Starting at the line that contains "Constant : Constant", return every line down to the end of the records below, exactly as written.
[[ Supplied entries, beginning ]]
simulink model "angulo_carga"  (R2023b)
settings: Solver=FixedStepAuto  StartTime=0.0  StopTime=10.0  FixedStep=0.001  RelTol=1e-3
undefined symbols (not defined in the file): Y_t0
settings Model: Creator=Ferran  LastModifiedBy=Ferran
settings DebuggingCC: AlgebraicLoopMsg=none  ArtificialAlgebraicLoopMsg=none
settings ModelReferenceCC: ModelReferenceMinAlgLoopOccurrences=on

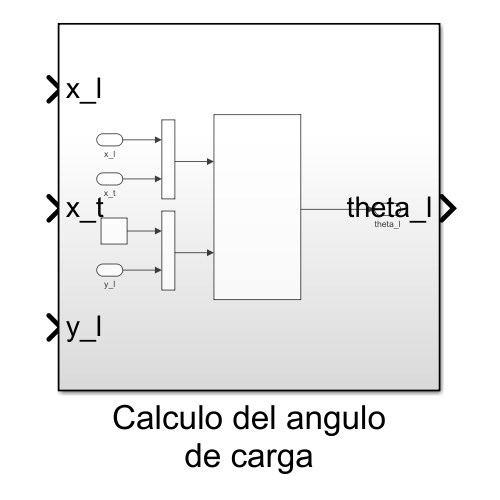
[thumbnail: Simulink's stored preview of the top-level diagram]
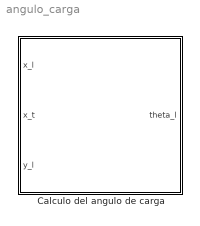
== system angulo_carga ==
  Calculo del angulo de carga : Subsystem

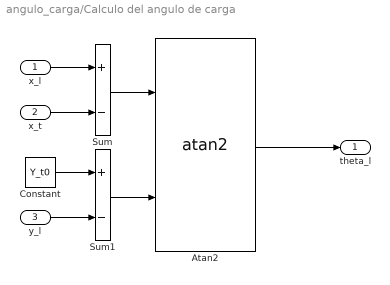
== system angulo_carga/Calculo del angulo de carga ==
  x_l : Inport
  x_t : Inport  Port=2
  y_l : Inport  Port=3
  Atan2 : Trigonometry  Operator=atan2
  Constant : Constant  Value=Y_t0
  Sum : Sum  Inputs=+-
  Sum1 : Sum  Inputs=+-
  theta_l : Outport
  wires:
  x_t/1 -> Sum/2
  Sum1/1 -> Atan2/2
  x_l/1 -> Sum/1
  Sum/1 -> Atan2/1
  Atan2/1 -> theta_l/1
  y_l/1 -> Sum1/2
  Constant/1 -> Sum1/1
[[ Supplied entries, end ]]
**Finished exercise:**
  Constant : Constant  Value=Y_t0
  Sum : Sum  Inputs=+-
  Sum1 : Sum  Inputs=+-
  theta_l : Outport
  wires:
  x_t/1 -> Sum/2
  Sum1/1 -> Atan2/2
  x_l/1 -> Sum/1
  Sum/1 -> Atan2/1
  Atan2/1 -> theta_l/1
  y_l/1 -> Sum1/2
  Constant/1 -> Sum1/1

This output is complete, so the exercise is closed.